— TO DO —
Below are some records; quote exactly the lines from the one that contains "V_REF1: R_Potentiometer; Potentiometer_Bourns_3296W_Vertical" through the one that contains "# Repository lin-jian-wei/DynamicX", inclusive, and no others.

— ENTRIES SHOWN —

────────

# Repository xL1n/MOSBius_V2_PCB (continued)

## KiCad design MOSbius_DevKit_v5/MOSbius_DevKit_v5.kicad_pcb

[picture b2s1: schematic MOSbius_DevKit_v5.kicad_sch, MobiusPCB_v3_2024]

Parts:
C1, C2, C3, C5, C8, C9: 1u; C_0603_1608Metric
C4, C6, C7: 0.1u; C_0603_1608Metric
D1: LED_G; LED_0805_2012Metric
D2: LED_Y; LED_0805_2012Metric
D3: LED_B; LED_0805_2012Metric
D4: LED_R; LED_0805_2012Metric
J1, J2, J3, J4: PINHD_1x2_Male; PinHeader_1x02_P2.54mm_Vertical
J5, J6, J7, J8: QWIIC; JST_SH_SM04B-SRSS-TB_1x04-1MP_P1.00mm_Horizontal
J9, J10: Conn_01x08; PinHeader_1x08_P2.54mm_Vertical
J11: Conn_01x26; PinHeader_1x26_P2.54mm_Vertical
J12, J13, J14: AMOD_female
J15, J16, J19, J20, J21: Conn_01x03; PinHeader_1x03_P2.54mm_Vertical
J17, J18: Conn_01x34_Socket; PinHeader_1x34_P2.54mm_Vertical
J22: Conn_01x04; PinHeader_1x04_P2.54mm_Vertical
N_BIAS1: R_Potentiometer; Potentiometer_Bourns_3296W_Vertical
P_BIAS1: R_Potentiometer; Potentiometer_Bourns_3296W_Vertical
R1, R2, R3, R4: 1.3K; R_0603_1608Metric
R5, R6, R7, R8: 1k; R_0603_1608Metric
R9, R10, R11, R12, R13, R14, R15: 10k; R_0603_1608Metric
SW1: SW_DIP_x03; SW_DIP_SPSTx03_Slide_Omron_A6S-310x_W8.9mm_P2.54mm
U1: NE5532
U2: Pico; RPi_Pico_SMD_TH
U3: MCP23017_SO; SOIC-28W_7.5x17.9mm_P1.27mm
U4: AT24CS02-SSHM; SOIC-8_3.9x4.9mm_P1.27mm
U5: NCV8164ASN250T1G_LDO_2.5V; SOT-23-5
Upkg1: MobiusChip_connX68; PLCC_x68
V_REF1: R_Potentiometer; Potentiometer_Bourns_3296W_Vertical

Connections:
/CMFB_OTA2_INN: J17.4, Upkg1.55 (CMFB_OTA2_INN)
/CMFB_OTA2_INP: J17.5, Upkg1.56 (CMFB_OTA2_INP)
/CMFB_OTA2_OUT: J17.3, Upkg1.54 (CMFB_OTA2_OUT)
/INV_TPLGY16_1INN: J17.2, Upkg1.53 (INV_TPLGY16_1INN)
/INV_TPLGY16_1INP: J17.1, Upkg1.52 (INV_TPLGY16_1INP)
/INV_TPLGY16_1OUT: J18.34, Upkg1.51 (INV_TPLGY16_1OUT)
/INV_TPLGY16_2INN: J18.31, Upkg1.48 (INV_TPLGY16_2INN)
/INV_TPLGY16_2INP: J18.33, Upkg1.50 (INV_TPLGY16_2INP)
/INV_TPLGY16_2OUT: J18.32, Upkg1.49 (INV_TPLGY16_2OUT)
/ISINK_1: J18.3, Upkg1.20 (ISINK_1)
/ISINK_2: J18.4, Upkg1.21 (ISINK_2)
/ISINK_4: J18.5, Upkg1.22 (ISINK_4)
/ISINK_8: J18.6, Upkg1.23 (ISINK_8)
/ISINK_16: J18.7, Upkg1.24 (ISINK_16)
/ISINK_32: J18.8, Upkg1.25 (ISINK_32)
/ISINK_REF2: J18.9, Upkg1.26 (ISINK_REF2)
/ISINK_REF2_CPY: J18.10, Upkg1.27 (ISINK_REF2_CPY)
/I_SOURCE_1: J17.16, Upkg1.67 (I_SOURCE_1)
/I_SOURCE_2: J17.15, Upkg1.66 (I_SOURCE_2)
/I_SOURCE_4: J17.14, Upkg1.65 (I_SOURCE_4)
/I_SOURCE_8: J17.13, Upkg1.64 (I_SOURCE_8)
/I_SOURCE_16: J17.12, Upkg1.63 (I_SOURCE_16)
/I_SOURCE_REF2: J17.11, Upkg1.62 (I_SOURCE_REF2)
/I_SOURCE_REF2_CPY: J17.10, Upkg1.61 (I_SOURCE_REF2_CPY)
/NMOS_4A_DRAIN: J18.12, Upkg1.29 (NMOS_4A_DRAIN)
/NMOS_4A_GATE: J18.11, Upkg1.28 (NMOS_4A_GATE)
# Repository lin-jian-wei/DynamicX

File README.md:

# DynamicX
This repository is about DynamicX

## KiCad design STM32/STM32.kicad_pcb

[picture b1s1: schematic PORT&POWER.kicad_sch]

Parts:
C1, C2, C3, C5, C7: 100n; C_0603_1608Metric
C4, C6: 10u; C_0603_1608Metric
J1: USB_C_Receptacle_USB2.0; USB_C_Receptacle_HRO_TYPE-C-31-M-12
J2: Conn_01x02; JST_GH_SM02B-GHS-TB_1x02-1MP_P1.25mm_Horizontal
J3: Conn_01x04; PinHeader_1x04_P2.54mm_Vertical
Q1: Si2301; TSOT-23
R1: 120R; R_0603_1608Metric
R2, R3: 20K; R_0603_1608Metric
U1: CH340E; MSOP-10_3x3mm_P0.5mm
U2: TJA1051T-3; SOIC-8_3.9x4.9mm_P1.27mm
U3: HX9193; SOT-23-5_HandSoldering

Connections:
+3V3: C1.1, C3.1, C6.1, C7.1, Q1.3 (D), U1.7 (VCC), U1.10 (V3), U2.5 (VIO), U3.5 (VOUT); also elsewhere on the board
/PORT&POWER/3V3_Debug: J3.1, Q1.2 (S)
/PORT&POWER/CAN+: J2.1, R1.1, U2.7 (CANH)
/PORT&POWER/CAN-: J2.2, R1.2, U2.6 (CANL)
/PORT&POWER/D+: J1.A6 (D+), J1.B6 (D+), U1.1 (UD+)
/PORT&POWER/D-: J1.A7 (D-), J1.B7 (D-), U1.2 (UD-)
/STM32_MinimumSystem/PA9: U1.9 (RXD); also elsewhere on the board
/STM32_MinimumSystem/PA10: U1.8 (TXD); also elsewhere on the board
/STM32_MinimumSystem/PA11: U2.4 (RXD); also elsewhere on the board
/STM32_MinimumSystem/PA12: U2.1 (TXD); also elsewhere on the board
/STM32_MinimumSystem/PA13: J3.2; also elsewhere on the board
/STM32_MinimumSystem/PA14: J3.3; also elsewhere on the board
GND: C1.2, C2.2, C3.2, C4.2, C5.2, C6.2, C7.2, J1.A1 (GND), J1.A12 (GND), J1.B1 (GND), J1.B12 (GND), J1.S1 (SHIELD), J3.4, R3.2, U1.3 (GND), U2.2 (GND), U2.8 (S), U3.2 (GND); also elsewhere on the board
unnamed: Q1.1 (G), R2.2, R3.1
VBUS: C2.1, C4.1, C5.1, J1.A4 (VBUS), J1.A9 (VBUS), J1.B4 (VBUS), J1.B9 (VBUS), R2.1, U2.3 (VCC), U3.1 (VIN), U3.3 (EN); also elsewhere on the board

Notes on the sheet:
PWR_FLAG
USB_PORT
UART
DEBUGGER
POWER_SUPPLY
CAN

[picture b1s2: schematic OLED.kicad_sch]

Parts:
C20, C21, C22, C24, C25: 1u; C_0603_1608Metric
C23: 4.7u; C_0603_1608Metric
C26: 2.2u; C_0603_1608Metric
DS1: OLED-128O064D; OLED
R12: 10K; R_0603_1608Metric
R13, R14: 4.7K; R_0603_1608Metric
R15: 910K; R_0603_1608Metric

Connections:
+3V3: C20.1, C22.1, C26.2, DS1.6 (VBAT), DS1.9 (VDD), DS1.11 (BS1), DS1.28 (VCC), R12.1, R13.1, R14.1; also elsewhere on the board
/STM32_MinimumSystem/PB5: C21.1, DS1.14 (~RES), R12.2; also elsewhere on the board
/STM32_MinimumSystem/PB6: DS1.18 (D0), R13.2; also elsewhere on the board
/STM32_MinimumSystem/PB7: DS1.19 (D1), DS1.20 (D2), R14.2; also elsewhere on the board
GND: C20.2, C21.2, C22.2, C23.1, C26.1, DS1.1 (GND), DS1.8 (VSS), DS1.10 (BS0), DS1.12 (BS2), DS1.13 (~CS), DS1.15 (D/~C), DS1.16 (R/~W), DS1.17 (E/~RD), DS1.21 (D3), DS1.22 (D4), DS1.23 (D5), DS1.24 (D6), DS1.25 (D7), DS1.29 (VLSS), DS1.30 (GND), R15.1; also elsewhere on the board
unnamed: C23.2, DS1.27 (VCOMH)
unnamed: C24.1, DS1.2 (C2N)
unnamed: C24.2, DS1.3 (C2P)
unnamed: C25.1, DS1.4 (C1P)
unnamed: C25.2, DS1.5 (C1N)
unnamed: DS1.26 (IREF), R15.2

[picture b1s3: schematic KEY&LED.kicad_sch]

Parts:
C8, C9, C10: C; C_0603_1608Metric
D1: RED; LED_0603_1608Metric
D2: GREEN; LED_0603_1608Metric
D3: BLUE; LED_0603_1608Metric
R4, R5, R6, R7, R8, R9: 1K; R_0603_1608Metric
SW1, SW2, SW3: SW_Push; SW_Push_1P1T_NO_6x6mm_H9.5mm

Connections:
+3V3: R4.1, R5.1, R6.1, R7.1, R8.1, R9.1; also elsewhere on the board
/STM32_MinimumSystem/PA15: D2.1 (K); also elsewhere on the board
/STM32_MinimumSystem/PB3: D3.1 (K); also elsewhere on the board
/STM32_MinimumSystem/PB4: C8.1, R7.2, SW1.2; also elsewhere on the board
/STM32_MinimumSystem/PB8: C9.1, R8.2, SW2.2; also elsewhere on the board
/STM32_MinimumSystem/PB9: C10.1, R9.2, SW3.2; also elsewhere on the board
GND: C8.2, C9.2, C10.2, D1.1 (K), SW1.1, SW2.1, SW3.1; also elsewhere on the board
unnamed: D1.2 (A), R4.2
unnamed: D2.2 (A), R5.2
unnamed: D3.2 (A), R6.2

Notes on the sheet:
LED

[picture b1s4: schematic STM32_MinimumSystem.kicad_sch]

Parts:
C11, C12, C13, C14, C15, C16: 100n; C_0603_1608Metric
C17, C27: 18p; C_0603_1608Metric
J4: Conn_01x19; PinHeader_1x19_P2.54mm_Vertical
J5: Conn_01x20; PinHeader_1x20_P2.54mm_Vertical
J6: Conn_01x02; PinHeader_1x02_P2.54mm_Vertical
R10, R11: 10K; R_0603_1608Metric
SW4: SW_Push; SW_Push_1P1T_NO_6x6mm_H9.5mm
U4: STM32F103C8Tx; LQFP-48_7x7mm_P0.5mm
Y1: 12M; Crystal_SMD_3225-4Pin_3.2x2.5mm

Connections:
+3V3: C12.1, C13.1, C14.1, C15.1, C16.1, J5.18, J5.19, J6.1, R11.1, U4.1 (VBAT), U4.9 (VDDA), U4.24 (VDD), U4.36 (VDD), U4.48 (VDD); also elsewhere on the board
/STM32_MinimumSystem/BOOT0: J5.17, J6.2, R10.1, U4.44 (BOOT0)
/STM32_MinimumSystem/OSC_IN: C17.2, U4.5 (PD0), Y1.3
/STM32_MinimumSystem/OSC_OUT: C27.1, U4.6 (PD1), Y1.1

────────

— TASK ANSWER —
V_REF1: R_Potentiometer; Potentiometer_Bourns_3296W_Vertical

Connections:
/CMFB_OTA2_INN: J17.4, Upkg1.55 (CMFB_OTA2_INN)
/CMFB_OTA2_INP: J17.5, Upkg1.56 (CMFB_OTA2_INP)
/CMFB_OTA2_OUT: J17.3, Upkg1.54 (CMFB_OTA2_OUT)
/INV_TPLGY16_1INN: J17.2, Upkg1.53 (INV_TPLGY16_1INN)
/INV_TPLGY16_1INP: J17.1, Upkg1.52 (INV_TPLGY16_1INP)
/INV_TPLGY16_1OUT: J18.34, Upkg1.51 (INV_TPLGY16_1OUT)
/INV_TPLGY16_2INN: J18.31, Upkg1.48 (INV_TPLGY16_2INN)
/INV_TPLGY16_2INP: J18.33, Upkg1.50 (INV_TPLGY16_2INP)
/INV_TPLGY16_2OUT: J18.32, Upkg1.49 (INV_TPLGY16_2OUT)
/ISINK_1: J18.3, Upkg1.20 (ISINK_1)
/ISINK_2: J18.4, Upkg1.21 (ISINK_2)
/ISINK_4: J18.5, Upkg1.22 (ISINK_4)
/ISINK_8: J18.6, Upkg1.23 (ISINK_8)
/ISINK_16: J18.7, Upkg1.24 (ISINK_16)
/ISINK_32: J18.8, Upkg1.25 (ISINK_32)
/ISINK_REF2: J18.9, Upkg1.26 (ISINK_REF2)
/ISINK_REF2_CPY: J18.10, Upkg1.27 (ISINK_REF2_CPY)
/I_SOURCE_1: J17.16, Upkg1.67 (I_SOURCE_1)
/I_SOURCE_2: J17.15, Upkg1.66 (I_SOURCE_2)
/I_SOURCE_4: J17.14, Upkg1.65 (I_SOURCE_4)
/I_SOURCE_8: J17.13, Upkg1.64 (I_SOURCE_8)
/I_SOURCE_16: J17.12, Upkg1.63 (I_SOURCE_16)
/I_SOURCE_REF2: J17.11, Upkg1.62 (I_SOURCE_REF2)
/I_SOURCE_REF2_CPY: J17.10, Upkg1.61 (I_SOURCE_REF2_CPY)
/NMOS_4A_DRAIN: J18.12, Upkg1.29 (NMOS_4A_DRAIN)
/NMOS_4A_GATE: J18.11, Upkg1.28 (NMOS_4A_GATE)
# Repository lin-jian-wei/DynamicX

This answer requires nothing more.